- [Activity]: For the material below, return exactly the lines starting at the one holding "#63=VERTEX_POINT('',#62);" and ending at the one holding "#73=ORIENTED_EDGE('',*,*,#72,.F.);", counting both as part of the range.

- [Provided data]:
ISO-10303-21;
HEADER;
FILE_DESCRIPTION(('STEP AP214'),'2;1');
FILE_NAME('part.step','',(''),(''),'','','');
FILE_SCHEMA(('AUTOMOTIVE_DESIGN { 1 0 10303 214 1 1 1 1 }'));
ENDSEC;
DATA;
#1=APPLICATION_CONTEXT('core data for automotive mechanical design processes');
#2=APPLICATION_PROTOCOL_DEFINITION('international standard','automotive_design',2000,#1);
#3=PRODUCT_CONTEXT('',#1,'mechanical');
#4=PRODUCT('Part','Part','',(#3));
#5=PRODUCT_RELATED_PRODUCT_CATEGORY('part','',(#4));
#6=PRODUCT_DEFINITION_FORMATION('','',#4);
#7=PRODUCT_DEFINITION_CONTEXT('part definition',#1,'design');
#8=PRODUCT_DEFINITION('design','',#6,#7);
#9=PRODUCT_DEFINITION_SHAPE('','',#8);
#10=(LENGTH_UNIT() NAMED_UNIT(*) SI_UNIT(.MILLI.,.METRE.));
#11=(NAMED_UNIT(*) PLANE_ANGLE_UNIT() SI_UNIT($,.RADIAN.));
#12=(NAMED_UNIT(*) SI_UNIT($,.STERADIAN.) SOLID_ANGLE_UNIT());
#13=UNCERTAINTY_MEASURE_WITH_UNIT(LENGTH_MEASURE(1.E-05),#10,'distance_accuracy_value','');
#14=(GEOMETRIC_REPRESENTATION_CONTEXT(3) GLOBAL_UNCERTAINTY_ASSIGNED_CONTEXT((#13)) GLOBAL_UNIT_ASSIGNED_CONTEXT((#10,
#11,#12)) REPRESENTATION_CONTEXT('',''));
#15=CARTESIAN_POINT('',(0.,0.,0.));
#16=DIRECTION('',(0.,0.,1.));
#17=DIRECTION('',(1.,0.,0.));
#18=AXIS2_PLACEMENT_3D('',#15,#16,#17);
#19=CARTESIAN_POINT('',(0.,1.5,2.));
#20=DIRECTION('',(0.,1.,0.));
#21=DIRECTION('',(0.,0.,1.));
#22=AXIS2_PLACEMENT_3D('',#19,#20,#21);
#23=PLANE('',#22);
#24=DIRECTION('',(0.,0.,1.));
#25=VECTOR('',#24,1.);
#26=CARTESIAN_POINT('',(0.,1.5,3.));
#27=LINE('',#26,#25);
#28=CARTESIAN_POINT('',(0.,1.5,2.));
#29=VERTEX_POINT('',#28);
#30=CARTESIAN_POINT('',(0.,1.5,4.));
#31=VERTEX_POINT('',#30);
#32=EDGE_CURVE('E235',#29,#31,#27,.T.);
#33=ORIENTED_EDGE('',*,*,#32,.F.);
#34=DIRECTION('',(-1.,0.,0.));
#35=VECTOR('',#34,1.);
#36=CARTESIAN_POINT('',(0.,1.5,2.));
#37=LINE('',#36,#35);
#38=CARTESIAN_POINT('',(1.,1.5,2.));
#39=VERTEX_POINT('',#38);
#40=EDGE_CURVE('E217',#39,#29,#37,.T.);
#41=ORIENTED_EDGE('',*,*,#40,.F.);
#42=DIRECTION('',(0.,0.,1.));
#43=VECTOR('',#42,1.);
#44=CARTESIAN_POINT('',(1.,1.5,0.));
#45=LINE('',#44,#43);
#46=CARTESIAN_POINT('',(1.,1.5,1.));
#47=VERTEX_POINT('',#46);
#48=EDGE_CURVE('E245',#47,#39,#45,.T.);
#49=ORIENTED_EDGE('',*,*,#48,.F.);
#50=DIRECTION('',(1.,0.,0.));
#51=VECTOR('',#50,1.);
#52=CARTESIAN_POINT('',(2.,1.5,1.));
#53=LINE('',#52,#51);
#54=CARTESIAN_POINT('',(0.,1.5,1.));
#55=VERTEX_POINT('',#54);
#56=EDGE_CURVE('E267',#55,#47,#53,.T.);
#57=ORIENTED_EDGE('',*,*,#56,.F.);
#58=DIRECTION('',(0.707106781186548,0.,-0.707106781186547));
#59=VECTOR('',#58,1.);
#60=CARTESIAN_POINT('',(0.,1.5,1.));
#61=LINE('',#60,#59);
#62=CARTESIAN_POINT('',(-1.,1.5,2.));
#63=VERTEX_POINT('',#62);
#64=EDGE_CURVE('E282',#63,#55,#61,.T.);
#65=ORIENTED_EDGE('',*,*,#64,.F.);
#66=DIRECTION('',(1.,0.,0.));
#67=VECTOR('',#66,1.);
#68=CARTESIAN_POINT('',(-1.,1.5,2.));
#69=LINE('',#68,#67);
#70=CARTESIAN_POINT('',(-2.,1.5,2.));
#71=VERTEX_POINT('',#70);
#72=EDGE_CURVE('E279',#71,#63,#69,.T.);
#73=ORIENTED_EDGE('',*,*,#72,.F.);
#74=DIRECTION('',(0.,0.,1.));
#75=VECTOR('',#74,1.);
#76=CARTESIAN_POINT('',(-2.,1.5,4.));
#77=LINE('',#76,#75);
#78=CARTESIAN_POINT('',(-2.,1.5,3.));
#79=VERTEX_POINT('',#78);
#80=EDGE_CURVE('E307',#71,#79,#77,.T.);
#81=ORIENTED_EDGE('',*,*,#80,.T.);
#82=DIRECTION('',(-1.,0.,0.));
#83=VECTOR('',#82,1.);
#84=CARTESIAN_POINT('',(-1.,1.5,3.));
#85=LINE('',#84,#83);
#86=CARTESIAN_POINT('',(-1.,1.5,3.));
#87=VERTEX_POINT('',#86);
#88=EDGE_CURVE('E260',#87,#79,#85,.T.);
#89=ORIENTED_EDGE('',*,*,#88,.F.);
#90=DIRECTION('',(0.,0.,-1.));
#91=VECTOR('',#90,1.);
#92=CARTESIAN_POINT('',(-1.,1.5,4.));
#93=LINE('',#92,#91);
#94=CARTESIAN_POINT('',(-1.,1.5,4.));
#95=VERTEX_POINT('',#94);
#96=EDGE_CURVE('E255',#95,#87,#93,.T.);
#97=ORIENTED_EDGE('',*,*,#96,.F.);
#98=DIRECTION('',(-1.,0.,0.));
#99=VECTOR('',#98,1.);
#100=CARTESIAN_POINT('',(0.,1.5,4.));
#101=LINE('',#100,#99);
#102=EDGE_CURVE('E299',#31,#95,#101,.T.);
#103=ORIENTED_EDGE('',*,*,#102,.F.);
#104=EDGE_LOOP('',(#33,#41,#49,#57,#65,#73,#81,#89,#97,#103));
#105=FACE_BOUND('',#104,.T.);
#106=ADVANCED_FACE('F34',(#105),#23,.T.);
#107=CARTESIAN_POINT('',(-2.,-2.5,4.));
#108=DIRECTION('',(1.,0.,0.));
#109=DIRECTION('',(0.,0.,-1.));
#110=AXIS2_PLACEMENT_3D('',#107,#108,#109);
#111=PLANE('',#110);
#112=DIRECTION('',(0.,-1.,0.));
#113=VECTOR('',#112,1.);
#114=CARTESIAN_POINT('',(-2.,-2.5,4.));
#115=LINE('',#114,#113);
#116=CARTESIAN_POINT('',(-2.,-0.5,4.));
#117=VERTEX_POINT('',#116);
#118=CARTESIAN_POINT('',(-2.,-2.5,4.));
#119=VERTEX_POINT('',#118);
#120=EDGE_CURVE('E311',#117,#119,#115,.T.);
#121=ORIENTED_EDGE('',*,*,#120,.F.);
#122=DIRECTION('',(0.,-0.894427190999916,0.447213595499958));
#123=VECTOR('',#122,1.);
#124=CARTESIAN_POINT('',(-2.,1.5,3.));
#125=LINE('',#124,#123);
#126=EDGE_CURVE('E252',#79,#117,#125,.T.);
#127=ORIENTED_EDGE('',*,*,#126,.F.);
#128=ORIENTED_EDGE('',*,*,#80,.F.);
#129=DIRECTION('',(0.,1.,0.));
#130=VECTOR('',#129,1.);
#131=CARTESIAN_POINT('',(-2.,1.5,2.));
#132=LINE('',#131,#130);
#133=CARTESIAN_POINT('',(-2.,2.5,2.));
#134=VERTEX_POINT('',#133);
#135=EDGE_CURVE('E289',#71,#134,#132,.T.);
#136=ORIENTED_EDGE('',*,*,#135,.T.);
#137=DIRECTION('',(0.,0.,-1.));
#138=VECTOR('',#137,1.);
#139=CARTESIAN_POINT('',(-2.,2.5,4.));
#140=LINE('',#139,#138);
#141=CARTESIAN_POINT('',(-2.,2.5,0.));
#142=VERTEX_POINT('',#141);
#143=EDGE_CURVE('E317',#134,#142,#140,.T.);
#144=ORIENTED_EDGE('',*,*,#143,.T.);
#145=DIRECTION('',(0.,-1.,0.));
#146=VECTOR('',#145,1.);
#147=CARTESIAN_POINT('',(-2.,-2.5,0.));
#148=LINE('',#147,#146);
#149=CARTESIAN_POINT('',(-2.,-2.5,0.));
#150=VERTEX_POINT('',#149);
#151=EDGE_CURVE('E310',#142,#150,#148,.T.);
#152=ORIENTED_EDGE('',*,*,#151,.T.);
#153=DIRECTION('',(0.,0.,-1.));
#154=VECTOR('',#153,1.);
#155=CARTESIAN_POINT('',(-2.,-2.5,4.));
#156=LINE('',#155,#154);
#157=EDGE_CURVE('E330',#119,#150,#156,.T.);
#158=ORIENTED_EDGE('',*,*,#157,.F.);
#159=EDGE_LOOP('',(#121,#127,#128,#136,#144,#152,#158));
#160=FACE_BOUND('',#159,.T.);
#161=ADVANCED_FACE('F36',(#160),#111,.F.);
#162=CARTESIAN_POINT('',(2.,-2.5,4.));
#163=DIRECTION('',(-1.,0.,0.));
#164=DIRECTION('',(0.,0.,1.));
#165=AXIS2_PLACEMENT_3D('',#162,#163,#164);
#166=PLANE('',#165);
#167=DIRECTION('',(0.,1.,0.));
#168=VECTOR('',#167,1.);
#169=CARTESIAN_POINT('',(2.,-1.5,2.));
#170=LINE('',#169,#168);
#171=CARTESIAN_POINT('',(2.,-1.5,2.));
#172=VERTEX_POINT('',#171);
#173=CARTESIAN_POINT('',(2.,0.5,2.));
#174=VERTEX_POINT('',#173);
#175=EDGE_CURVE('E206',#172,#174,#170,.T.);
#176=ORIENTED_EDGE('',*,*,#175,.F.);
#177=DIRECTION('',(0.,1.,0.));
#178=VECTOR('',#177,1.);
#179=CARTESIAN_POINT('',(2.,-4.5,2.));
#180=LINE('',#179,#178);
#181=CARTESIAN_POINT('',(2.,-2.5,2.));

- [Result of the task]:
#63=VERTEX_POINT('',#62);
#64=EDGE_CURVE('E282',#63,#55,#61,.T.);
#65=ORIENTED_EDGE('',*,*,#64,.F.);
#66=DIRECTION('',(1.,0.,0.));
#67=VECTOR('',#66,1.);
#68=CARTESIAN_POINT('',(-1.,1.5,2.));
#69=LINE('',#68,#67);
#70=CARTESIAN_POINT('',(-2.,1.5,2.));
#71=VERTEX_POINT('',#70);
#72=EDGE_CURVE('E279',#71,#63,#69,.T.);
#73=ORIENTED_EDGE('',*,*,#72,.F.);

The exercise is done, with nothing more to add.